QLab playing audio and firing cues over a virtual MIDI loopback interface (available by default in OSX) has worked for us many times in the past.


----------



## rwhealey (May 14, 2015)

It would be possible using a third party control system - AMX has a DMX to AX-Link (ethernet control) interface: http://www.amx.com/products/AXB-DMX512.asp. You would also need a central control system to use the interfaces on either end. Some sound boards (like some Yamaha mixers) can be controlled directly by an AMX system. If you can't control directly you would need to use an AX-Link to MIDI module. You would still have the issue of creating a custom program, but at least you would be working with a commonly used programming language and have good support from the manufacturer.


----------



## Max Warasila (May 17, 2015)

Fire a "go" command to QLab. Done.


----------



## betaone (Dec 2, 2015)

Would you be happy with a wee box that has line in and line out 1/8" connections, that has a DMX input and could be set to any address? 0-255 would route to 0-100% volume.


----------



## kenact (Dec 2, 2015)

betaone said:


> Would you be happy with a wee box that has line in and line out 1/8" connections, that has a DMX input and could be set to any address? 0-255 would route to 0-100% volume.

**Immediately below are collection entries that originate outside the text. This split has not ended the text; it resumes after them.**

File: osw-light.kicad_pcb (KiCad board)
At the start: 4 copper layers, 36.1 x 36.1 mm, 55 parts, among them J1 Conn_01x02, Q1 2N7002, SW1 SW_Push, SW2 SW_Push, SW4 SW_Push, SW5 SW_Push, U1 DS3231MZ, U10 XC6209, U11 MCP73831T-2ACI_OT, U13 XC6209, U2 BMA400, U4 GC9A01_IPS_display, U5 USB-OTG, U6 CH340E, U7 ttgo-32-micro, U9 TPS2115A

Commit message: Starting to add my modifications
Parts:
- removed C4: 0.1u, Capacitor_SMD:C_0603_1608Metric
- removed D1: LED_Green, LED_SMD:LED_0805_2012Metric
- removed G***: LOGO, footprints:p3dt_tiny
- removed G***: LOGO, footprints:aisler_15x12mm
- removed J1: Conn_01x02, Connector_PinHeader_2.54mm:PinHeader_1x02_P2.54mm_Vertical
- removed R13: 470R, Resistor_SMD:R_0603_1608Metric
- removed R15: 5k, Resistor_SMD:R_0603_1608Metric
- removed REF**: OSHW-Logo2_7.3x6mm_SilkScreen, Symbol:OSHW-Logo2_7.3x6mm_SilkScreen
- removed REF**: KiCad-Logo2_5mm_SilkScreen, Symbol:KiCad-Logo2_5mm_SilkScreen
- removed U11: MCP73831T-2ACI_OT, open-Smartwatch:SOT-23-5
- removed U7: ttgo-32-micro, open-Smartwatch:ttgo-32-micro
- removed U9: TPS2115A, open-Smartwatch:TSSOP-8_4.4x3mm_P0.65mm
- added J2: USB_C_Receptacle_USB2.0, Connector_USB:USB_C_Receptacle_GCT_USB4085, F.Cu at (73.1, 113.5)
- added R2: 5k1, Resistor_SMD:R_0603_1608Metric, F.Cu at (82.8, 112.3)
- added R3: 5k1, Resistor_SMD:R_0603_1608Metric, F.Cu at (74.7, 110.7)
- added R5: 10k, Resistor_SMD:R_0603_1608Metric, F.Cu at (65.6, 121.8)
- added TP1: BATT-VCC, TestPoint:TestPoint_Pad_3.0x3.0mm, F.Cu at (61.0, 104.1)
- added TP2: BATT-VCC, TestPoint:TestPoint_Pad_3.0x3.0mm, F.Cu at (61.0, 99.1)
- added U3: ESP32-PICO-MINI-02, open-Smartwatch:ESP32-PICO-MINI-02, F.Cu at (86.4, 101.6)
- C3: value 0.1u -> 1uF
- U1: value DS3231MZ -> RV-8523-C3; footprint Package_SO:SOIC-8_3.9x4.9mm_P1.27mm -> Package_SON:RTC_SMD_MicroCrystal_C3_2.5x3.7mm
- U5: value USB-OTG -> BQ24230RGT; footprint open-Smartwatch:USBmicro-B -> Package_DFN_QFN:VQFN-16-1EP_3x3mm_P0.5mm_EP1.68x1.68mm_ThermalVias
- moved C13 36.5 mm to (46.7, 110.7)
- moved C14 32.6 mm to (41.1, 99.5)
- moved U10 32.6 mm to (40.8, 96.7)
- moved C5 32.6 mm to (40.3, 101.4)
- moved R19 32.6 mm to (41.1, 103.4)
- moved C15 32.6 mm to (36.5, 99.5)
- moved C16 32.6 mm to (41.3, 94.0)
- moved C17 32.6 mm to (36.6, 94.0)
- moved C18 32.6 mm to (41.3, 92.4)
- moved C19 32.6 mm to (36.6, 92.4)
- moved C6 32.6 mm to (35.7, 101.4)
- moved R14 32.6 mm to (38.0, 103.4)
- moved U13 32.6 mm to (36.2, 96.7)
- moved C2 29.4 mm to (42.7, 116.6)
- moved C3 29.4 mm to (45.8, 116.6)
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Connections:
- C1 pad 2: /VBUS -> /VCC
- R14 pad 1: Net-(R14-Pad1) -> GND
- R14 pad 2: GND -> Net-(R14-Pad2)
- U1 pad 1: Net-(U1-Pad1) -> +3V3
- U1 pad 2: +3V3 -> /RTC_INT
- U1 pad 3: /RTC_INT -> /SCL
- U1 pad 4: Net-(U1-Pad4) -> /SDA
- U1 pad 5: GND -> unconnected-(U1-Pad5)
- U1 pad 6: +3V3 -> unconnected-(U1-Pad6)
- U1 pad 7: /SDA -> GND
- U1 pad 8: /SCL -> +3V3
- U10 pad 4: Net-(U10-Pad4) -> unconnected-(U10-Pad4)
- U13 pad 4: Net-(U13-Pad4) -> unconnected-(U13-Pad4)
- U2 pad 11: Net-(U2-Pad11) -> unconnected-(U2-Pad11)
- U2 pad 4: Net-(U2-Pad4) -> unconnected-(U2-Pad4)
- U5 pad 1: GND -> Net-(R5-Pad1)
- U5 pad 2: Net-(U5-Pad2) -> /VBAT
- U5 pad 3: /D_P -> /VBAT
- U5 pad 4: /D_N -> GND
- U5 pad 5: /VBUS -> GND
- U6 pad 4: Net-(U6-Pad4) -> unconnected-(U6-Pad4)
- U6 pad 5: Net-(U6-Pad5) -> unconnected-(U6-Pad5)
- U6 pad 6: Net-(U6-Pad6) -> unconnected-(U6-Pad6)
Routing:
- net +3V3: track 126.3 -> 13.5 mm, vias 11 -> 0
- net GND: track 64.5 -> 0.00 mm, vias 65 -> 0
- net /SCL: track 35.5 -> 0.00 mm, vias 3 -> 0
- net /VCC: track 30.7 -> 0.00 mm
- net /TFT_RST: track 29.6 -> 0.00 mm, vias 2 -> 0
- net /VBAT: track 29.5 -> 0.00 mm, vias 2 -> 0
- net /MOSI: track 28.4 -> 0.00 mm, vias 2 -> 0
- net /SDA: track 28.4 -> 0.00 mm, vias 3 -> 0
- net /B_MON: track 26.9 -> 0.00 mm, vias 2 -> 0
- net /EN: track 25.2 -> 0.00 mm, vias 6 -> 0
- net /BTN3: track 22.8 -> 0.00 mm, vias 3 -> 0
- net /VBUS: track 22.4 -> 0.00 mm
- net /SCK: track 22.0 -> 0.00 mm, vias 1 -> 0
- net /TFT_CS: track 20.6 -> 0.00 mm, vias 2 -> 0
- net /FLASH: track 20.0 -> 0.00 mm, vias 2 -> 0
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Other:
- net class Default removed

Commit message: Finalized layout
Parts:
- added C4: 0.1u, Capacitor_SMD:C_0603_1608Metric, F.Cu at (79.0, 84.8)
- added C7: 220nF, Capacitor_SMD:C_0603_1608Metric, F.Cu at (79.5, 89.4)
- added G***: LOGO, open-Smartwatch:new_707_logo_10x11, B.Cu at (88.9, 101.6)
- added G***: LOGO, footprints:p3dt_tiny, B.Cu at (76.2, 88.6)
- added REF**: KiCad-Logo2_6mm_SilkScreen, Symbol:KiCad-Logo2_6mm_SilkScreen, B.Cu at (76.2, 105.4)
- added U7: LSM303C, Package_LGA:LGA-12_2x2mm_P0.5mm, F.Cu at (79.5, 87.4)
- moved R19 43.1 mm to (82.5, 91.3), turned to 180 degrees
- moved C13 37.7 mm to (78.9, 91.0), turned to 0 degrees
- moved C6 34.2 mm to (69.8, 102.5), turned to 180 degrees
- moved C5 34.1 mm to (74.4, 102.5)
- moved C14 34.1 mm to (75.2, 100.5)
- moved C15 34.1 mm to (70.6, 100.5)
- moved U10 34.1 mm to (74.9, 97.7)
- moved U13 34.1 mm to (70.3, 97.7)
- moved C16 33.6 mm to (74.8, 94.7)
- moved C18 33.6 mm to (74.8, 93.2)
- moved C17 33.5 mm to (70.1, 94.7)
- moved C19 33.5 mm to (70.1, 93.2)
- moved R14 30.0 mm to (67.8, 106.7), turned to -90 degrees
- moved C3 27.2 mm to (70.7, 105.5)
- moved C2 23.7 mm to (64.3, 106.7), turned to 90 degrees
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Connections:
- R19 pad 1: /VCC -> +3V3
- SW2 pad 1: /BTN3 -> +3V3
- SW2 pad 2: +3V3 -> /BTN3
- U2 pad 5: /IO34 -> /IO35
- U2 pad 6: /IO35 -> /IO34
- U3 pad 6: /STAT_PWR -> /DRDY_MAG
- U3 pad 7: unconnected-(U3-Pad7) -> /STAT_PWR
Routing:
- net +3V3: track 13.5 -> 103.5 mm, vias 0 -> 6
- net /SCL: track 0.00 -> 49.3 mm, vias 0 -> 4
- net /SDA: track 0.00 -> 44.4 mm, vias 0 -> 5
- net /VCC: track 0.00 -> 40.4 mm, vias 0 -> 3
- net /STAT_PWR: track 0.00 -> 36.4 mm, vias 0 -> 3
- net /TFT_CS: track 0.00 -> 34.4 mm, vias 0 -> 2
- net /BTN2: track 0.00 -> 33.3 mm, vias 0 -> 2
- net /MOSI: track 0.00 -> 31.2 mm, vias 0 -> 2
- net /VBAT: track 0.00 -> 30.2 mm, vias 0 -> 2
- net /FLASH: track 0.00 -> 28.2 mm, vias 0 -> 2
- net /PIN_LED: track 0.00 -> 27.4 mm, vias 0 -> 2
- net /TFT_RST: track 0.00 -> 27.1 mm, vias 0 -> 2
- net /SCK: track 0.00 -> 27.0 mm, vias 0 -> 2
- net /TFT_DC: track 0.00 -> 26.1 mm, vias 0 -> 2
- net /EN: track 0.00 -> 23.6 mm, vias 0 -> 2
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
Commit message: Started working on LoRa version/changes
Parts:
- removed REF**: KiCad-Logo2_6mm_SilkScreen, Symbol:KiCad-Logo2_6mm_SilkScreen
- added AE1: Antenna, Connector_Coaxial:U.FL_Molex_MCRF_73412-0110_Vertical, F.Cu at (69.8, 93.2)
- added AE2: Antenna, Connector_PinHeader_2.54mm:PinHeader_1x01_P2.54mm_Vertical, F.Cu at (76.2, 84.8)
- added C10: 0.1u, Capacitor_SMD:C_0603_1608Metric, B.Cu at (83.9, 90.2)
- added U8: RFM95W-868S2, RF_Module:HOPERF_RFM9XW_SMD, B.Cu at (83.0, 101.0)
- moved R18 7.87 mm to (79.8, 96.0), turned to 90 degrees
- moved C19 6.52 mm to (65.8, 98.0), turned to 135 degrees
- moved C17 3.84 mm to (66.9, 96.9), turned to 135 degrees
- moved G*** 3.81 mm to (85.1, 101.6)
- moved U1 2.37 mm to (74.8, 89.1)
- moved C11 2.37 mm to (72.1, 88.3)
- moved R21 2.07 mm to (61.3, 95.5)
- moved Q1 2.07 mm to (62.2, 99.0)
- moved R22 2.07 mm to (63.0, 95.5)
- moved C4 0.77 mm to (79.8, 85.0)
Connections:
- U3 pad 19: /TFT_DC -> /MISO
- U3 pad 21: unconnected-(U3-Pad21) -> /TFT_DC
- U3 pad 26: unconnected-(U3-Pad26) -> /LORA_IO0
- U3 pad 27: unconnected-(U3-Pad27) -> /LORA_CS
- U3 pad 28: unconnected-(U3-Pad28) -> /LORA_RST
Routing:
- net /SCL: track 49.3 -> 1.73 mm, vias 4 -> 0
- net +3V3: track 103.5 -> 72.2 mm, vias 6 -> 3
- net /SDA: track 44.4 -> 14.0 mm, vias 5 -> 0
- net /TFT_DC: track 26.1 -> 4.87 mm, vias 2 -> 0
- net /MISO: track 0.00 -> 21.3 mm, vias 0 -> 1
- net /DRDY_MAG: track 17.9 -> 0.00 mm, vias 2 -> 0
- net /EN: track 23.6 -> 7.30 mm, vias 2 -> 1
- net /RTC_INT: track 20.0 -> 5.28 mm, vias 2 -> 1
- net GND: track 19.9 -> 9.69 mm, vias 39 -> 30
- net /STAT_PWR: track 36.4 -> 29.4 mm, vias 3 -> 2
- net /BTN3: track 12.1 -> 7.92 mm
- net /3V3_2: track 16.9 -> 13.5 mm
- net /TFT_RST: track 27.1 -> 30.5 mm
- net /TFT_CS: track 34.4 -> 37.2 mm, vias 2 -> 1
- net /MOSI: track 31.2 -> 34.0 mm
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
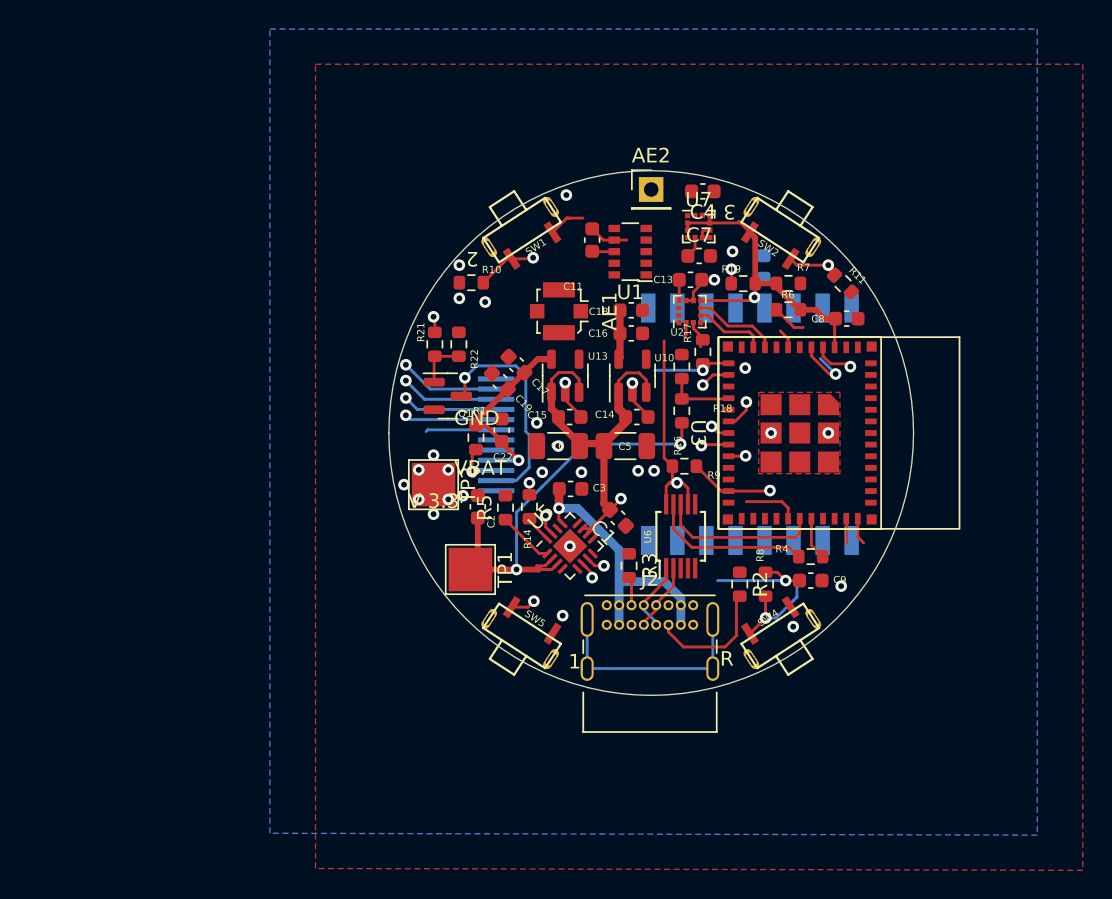
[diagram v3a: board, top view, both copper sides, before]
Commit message: Layed out board. Changed a duplicate sensor for a temperature one
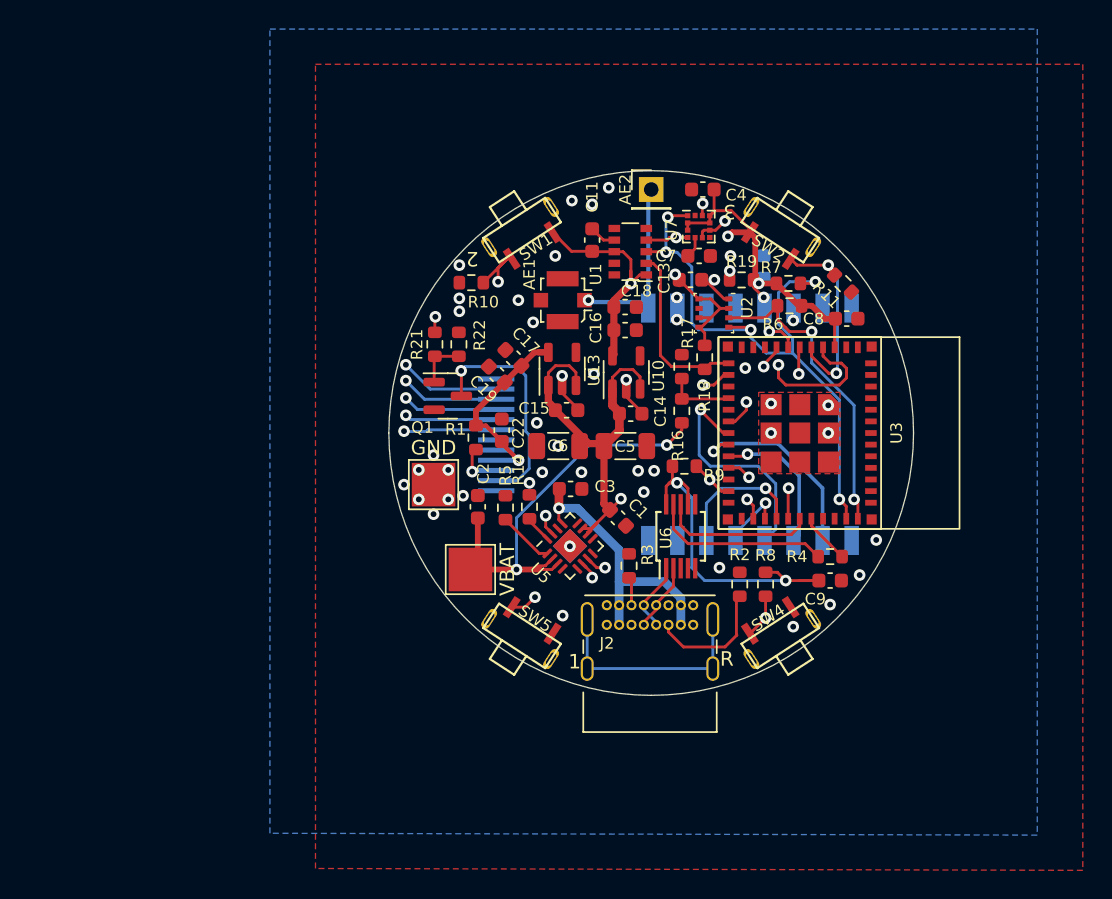
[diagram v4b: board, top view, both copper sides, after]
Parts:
- J2: value USB_C_Receptacle_USB2.0 -> GCT_USB4085
- U2: value BMA400 -> BME280; footprint open-Smartwatch:LGA-12_2x2mm_P0.5mm -> Package_LGA:Bosch_LGA-8_2.5x2.5mm_P0.65mm_ClockwisePinNumbering
- moved U2 1.67 mm to (80.5, 93.3), turned to -90 degrees
- moved C9 1.33 mm to (88.5, 111.8)
- moved R4 1.33 mm to (88.5, 110.1)
- moved G*** 1.02 mm to (86.1, 101.6)
- moved AE1 0.80 mm to (70.1, 92.5)
- moved C15 0.52 mm to (70.4, 100.0)
- moved C17 0.52 mm to (66.7, 96.4)
- moved C19 0.52 mm to (65.6, 97.6)
- moved U13 0.52 mm to (70.1, 97.2)
- moved C16 0.48 mm to (74.4, 94.5)
- moved C14 0.48 mm to (74.8, 100.3)
- moved C18 0.48 mm to (74.4, 92.9)
- moved U10 0.48 mm to (74.5, 97.4)
- moved R18 0.40 mm to (79.9, 96.4)
- moved R6 0.29 mm to (85.7, 92.8)
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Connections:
- AE1 pad 2: (no net) -> GND
- U2 pad 2: /SDA -> +3V3
- U2 pad 3: +3V3 -> /SDA
- U2 pad 4: unconnected-(U2-Pad4) -> /SCL
- U2 pad 5: /IO35 -> +3V3
- U2 pad 6: /IO34 -> +3V3
- U2 pad 7: +3V3 -> GND
- U2 pad 8: GND -> +3V3
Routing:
- net /SCL: track 1.73 -> 42.5 mm, vias 0 -> 5
- net /TFT_DC: track 4.87 -> 33.1 mm, vias 0 -> 2
- net +3V3: track 72.2 -> 100.0 mm, vias 3 -> 7
- net /SDA: track 14.0 -> 39.6 mm, vias 0 -> 3
- net /LORA_IO0: track 0.00 -> 19.4 mm, vias 0 -> 2
- net /DRDY_MAG: track 0.00 -> 18.2 mm, vias 0 -> 2
- net /EN: track 7.30 -> 25.4 mm, vias 1 -> 2
- net /SCK: track 29.8 -> 44.2 mm
- net Net-(AE1-Pad1): track 0.00 -> 13.4 mm, vias 0 -> 1
- net /LORA_RST: track 0.00 -> 9.47 mm, vias 0 -> 1
- net /MOSI: track 34.0 -> 43.1 mm
- net /MISO: track 21.3 -> 13.8 mm
- net /RTC_INT: track 5.28 -> 11.9 mm, vias 1 -> 0
- net /BTN3: track 7.92 -> 14.2 mm
- net /IO34: track 5.88 -> 0.00 mm
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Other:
- board text added: "OpenSmartWatch E707 LORA Edition Rev 1.0"
- board text removed: "V 3.3"

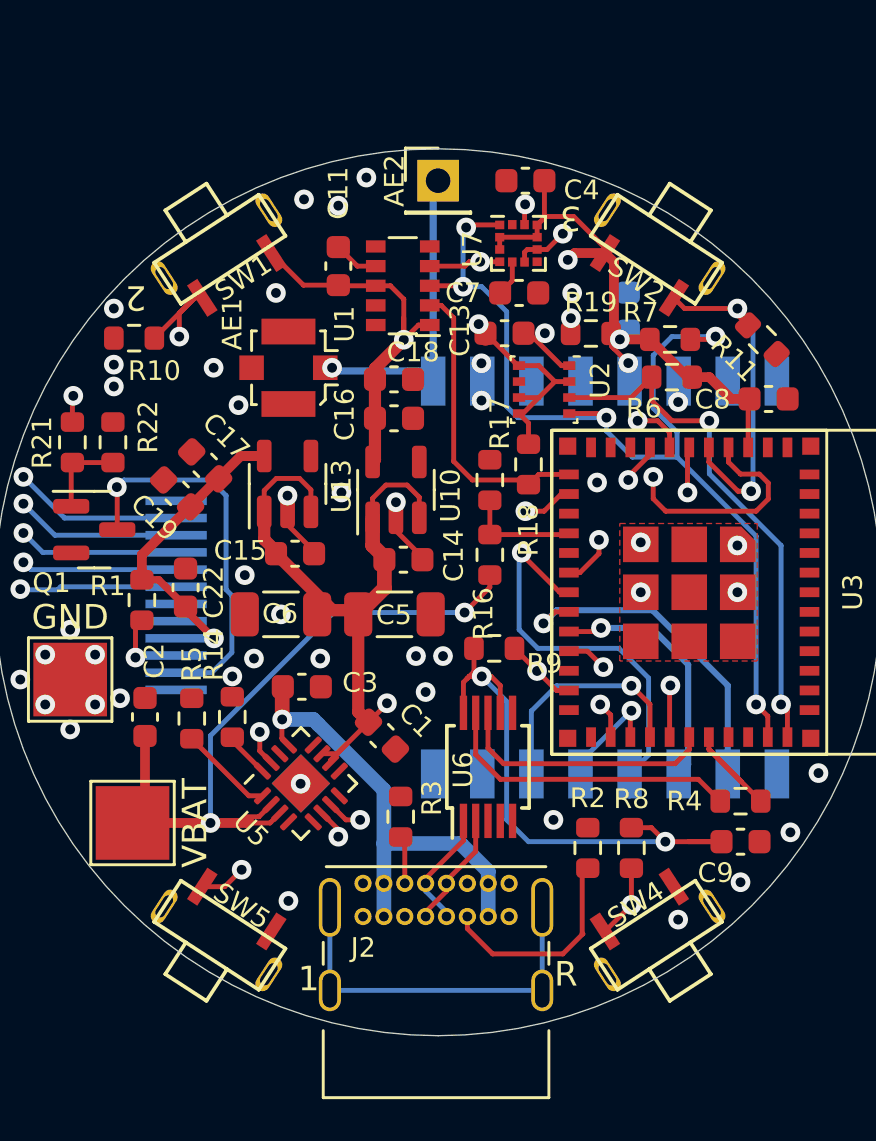
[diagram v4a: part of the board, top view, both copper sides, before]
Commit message: Changed switch to proper one
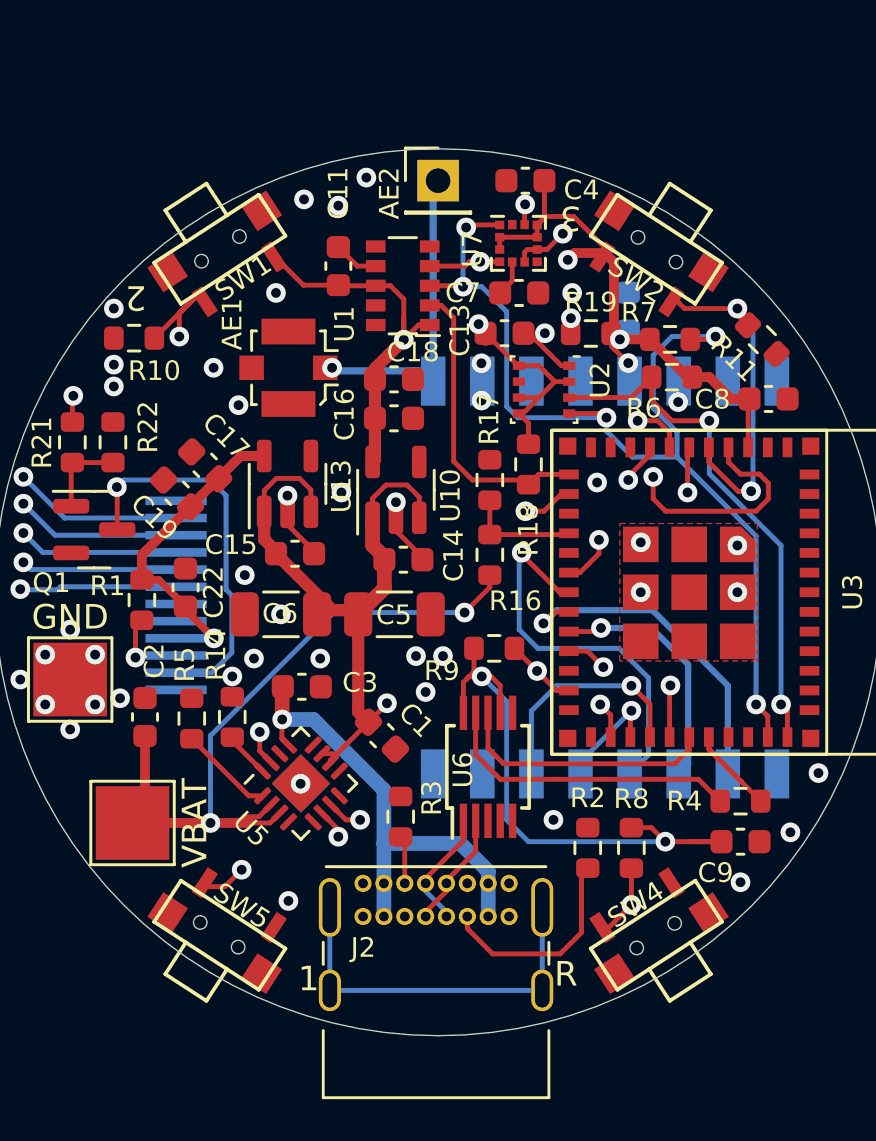
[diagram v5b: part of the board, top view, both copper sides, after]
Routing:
- net GND: vias 45 -> 44
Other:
- rule pad_to_mask_clearance: 0.051 -> 0

1/8" TRS would be great. I don't need separate control of left & right, just the ability to bring them up & take them down simultaneously.


----------



## betaone (Dec 2, 2015)

OK cool. 
meantime...seen this? http://www.bpesolutions.com/dmxproduct.html#anchor2063471


----------



## kenact (Dec 3, 2015)

betaone said:


> OK cool.
> meantime...seen this? http://www.bpesolutions.com/dmxproduct.html#anchor2063471


It looks interesting, but I don't think that will do want I'm trying to do. 

"Playback, Stop, Pause and Resume functions
Select any one of up to *32 MP3* recordings"

I just finished a show with 63 distinct sound cues.


----------



## betaone (Dec 3, 2015)

if you have all those sound cues, what good will simple audio fade-in/fade-out do for you? Do you mean, for instance, a sound to set up a scene like a background cityscape sound, or a playground.. and you'd want to fade down/out that audio once the scene starts? THEN you'd cue up the next sound while the current scene plays out on stage?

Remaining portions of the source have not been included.